IGP advierte intensas sequías en cuencas de lago Titicaca y río Desaguadero

Un estudio científico del Instituto Geofísico del Perú (IGP) plantea estrategias de adaptación a priorizar para mitigar impactos en la población y ecosistemas.

Lago Titicaca
El lago Titicaca se extiende por la frontera entre Perú y Bolivia. | Fuente: Andina

En los próximos años se agudizará la sequía meteorológica, agrícola e hidrológica en Puno, departamento considerado como primer productor de ganado entre las regiones altoandinas, advierte un revelador estudio científico del Instituto Geofísico del Perú (IGP).

Según la publicación científica del IGP, órgano adscrito al Ministerio del Ambiente, en la revista Water, las sequías se volverán intensas, frecuentes y prolongadas en la mayor parte de Puno. Por ello, el estudio evalúa y compara el impacto del cambio climático ante las sequías en las cuencas del Titicaca, el río Desaguadero y el lago Poopo.

En ese sentido, alerta sobre la problemática futura de las sequías y proporciona información relevante para el desarrollo de planes de gestión ante este fenómeno, sobre todo, en la región Puno.

Asimismo, señala la investigación, el problema empeoraría a causa del aumento de la evapotranspiración (agua del suelo que vuelve a la atmósfera como consecuencia de la evaporación y transpiración de las plantas) en la región sur.

Por ello, en un contexto de cambio climático, las sequías futuras afectarían severamente la disponibilidad hídrica para consumo humano, agricultura, ganadería, ecosistemas entre otros, alerta el estudio.

MITIGACIÓN Y CONSERVACIÓN

Ricardo Zubieta, autor de dicha investigación, sostiene que este aporte científico proporciona información relevante para el desarrollo de planes de gestión regional y local de sequías, con la finalidad de velar por la conservación y preservación de fuentes agua, creación de nuevos reservorios, prácticas de forestación y/o reforestación y zanjas de infiltración ante el crecimiento población.

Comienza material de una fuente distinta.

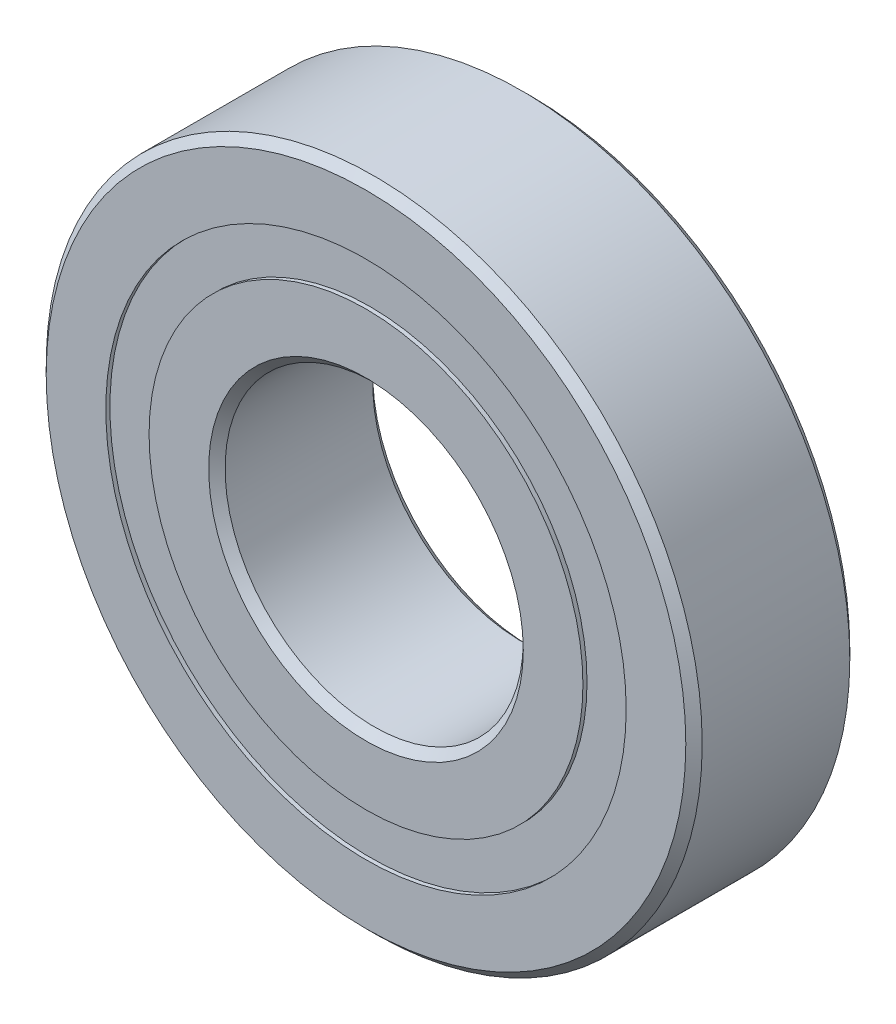
ISO-10303-21;
HEADER;
FILE_DESCRIPTION(('STEP AP214'),'2;1');
FILE_NAME('part.step','',(''),(''),'','','');
FILE_SCHEMA(('AUTOMOTIVE_DESIGN { 1 0 10303 214 1 1 1 1 }'));
ENDSEC;
DATA;
#1=APPLICATION_CONTEXT('core data for automotive mechanical design processes');
#2=APPLICATION_PROTOCOL_DEFINITION('international standard','automotive_design',2000,#1);
#3=PRODUCT_CONTEXT('',#1,'mechanical');
#4=PRODUCT('Part','Part','',(#3));
#5=PRODUCT_RELATED_PRODUCT_CATEGORY('part','',(#4));
#6=PRODUCT_DEFINITION_FORMATION('','',#4);
#7=PRODUCT_DEFINITION_CONTEXT('part definition',#1,'design');
#8=PRODUCT_DEFINITION('design','',#6,#7);
#9=PRODUCT_DEFINITION_SHAPE('','',#8);
#10=(LENGTH_UNIT() NAMED_UNIT(*) SI_UNIT(.MILLI.,.METRE.));
#11=(NAMED_UNIT(*) PLANE_ANGLE_UNIT() SI_UNIT($,.RADIAN.));
#12=(NAMED_UNIT(*) SI_UNIT($,.STERADIAN.) SOLID_ANGLE_UNIT());
#13=UNCERTAINTY_MEASURE_WITH_UNIT(LENGTH_MEASURE(1.E-05),#10,'distance_accuracy_value','');
#14=(GEOMETRIC_REPRESENTATION_CONTEXT(3) GLOBAL_UNCERTAINTY_ASSIGNED_CONTEXT((#13)) GLOBAL_UNIT_ASSIGNED_CONTEXT((#10,
#11,#12)) REPRESENTATION_CONTEXT('',''));
#15=CARTESIAN_POINT('',(0.,0.,0.));
#16=DIRECTION('',(0.,0.,1.));
#17=DIRECTION('',(1.,0.,0.));
#18=AXIS2_PLACEMENT_3D('',#15,#16,#17);
#19=CARTESIAN_POINT('',(0.,13.8513736263736,-4.14734375));
#20=DIRECTION('',(0.,0.,1.));
#21=DIRECTION('',(1.,0.,0.));
#22=AXIS2_PLACEMENT_3D('',#19,#20,#21);
#23=PLANE('',#22);
#24=CARTESIAN_POINT('',(0.,0.,-4.14734375));
#25=DIRECTION('',(0.,0.,1.));
#26=DIRECTION('',(1.,0.,0.));
#27=AXIS2_PLACEMENT_3D('',#24,#25,#26);
#28=CIRCLE('',#27,13.8513736263736);
#29=CARTESIAN_POINT('',(13.8513736263736,0.,-4.14734375));
#30=VERTEX_POINT('',#29);
#31=EDGE_CURVE('E59',#30,#30,#28,.T.);
#32=ORIENTED_EDGE('',*,*,#31,.F.);
#33=EDGE_LOOP('',(#32));
#34=FACE_BOUND('',#33,.T.);
#35=CARTESIAN_POINT('',(0.,0.,-4.14734375));
#36=DIRECTION('',(0.,0.,1.));
#37=DIRECTION('',(1.,0.,0.));
#38=AXIS2_PLACEMENT_3D('',#35,#36,#37);
#39=CIRCLE('',#38,11.5486263736264);
#40=CARTESIAN_POINT('',(11.5486263736264,0.,-4.14734375));
#41=VERTEX_POINT('',#40);
#42=EDGE_CURVE('E11',#41,#41,#39,.T.);
#43=ORIENTED_EDGE('',*,*,#42,.T.);
#44=EDGE_LOOP('',(#43));
#45=FACE_BOUND('',#44,.T.);
#46=ADVANCED_FACE('F45',(#34,#45),#23,.F.);
#47=CARTESIAN_POINT('',(0.,0.,4.365625));
#48=DIRECTION('',(0.,0.,1.));
#49=DIRECTION('',(1.,0.,0.));
#50=AXIS2_PLACEMENT_3D('',#47,#48,#49);
#51=CYLINDRICAL_SURFACE('',#50,11.5486263736264);
#52=ORIENTED_EDGE('',*,*,#42,.F.);
#53=EDGE_LOOP('',(#52));
#54=FACE_BOUND('',#53,.T.);
#55=CARTESIAN_POINT('',(0.,0.,-2.25617798111032));
#56=DIRECTION('',(0.,0.,1.));
#57=DIRECTION('',(1.,0.,0.));
#58=AXIS2_PLACEMENT_3D('',#55,#56,#57);
#59=CIRCLE('',#58,11.5486263736264);
#60=CARTESIAN_POINT('',(11.5486263736264,0.,-2.25617798111032));
#61=VERTEX_POINT('',#60);
#62=EDGE_CURVE('E51',#61,#61,#59,.T.);
#63=ORIENTED_EDGE('',*,*,#62,.T.);
#64=EDGE_LOOP('',(#63));
#65=FACE_BOUND('',#64,.T.);
#66=ADVANCED_FACE('F68',(#54,#65),#51,.F.);
#67=CARTESIAN_POINT('',(0.,13.8513736263736,-2.25617798111032));
#68=DIRECTION('',(0.,0.,-1.));
#69=DIRECTION('',(-1.,0.,0.));
#70=AXIS2_PLACEMENT_3D('',#67,#68,#69);
#71=PLANE('',#70);
#72=ORIENTED_EDGE('',*,*,#62,.F.);
#73=EDGE_LOOP('',(#72));
#74=FACE_BOUND('',#73,.T.);
#75=CARTESIAN_POINT('',(0.,0.,-2.25617798111032));
#76=DIRECTION('',(0.,0.,1.));
#77=DIRECTION('',(1.,0.,0.));
#78=AXIS2_PLACEMENT_3D('',#75,#76,#77);
#79=CIRCLE('',#78,13.8513736263736);
#80=CARTESIAN_POINT('',(13.8513736263736,0.,-2.25617798111032));
#81=VERTEX_POINT('',#80);
#82=EDGE_CURVE('E55',#81,#81,#79,.T.);
#83=ORIENTED_EDGE('',*,*,#82,.T.);
#84=EDGE_LOOP('',(#83));
#85=FACE_BOUND('',#84,.T.);
#86=ADVANCED_FACE('F72',(#74,#85),#71,.F.);
#87=CARTESIAN_POINT('',(0.,0.,4.365625));
#88=DIRECTION('',(0.,0.,1.));
#89=DIRECTION('',(1.,0.,0.));
#90=AXIS2_PLACEMENT_3D('',#87,#88,#89);
#91=CYLINDRICAL_SURFACE('',#90,13.8513736263736);
#92=ORIENTED_EDGE('',*,*,#82,.F.);
#93=EDGE_LOOP('',(#92));
#94=FACE_BOUND('',#93,.T.);
#95=ORIENTED_EDGE('',*,*,#31,.T.);
#96=EDGE_LOOP('',(#95));
#97=FACE_BOUND('',#96,.T.);
#98=ADVANCED_FACE('F65',(#94,#97),#91,.T.);
#99=CLOSED_SHELL('',(#46,#66,#86,#98));
#100=MANIFOLD_SOLID_BREP('B2',#99);
#101=CARTESIAN_POINT('',(0.,13.8513736263736,4.14734375));
#102=DIRECTION('',(0.,0.,-1.));
#103=DIRECTION('',(-1.,0.,0.));
#104=AXIS2_PLACEMENT_3D('',#101,#102,#103);
#105=PLANE('',#104);
#106=CARTESIAN_POINT('',(0.,0.,4.14734375));
#107=DIRECTION('',(0.,0.,1.));
#108=DIRECTION('',(1.,0.,0.));
#109=AXIS2_PLACEMENT_3D('',#106,#107,#108);
#110=CIRCLE('',#109,11.5486263736264);
#111=CARTESIAN_POINT('',(11.5486263736264,0.,4.14734375));
#112=VERTEX_POINT('',#111);
#113=EDGE_CURVE('E44',#112,#112,#110,.T.);
#114=ORIENTED_EDGE('',*,*,#113,.F.);
#115=EDGE_LOOP('',(#114));
#116=FACE_BOUND('',#115,.T.);
#117=CARTESIAN_POINT('',(0.,0.,4.14734375));
#118=DIRECTION('',(0.,0.,1.));
#119=DIRECTION('',(1.,0.,0.));
#120=AXIS2_PLACEMENT_3D('',#117,#118,#119);
#121=CIRCLE('',#120,13.8513736263736);
#122=CARTESIAN_POINT('',(13.8513736263736,0.,4.14734375));
#123=VERTEX_POINT('',#122);
#124=EDGE_CURVE('E126',#123,#123,#121,.T.);
#125=ORIENTED_EDGE('',*,*,#124,.T.);
#126=EDGE_LOOP('',(#125));
#127=FACE_BOUND('',#126,.T.);
#128=ADVANCED_FACE('F112',(#116,#127),#105,.F.);
#129=CARTESIAN_POINT('',(0.,0.,4.365625));
#130=DIRECTION('',(0.,0.,1.));
#131=DIRECTION('',(1.,0.,0.));
#132=AXIS2_PLACEMENT_3D('',#129,#130,#131);
#133=CYLINDRICAL_SURFACE('',#132,11.5486263736264);
#134=CARTESIAN_POINT('',(0.,0.,2.25617798111032));
#135=DIRECTION('',(0.,0.,1.));
#136=DIRECTION('',(1.,0.,0.));
#137=AXIS2_PLACEMENT_3D('',#134,#135,#136);
#138=CIRCLE('',#137,11.5486263736264);
#139=CARTESIAN_POINT('',(11.5486263736264,0.,2.25617798111032));
#140=VERTEX_POINT('',#139);
#141=EDGE_CURVE('E118',#140,#140,#138,.T.);
#142=ORIENTED_EDGE('',*,*,#141,.F.);
#143=EDGE_LOOP('',(#142));
#144=FACE_BOUND('',#143,.T.);
#145=ORIENTED_EDGE('',*,*,#113,.T.);
#146=EDGE_LOOP('',(#145));
#147=FACE_BOUND('',#146,.T.);
#148=ADVANCED_FACE('F141',(#144,#147),#133,.F.);
#149=CARTESIAN_POINT('',(0.,13.8513736263736,2.25617798111032));
#150=DIRECTION('',(0.,0.,1.));
#151=DIRECTION('',(1.,0.,0.));
#152=AXIS2_PLACEMENT_3D('',#149,#150,#151);
#153=PLANE('',#152);
#154=CARTESIAN_POINT('',(0.,0.,2.25617798111032));
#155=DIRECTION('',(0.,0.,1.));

Cabe precisar que la región Puno presenta un clima semiárido entre abril y noviembre (llueve muy poco), lo que representa un problema crítico para la disponibilidad de pastizales durante la mayor parte del año. Además, hay una tendencia a menor cantidad de lluvia que condiciona la ocurrencia de sequías durante eventos del Fenómeno El Niño.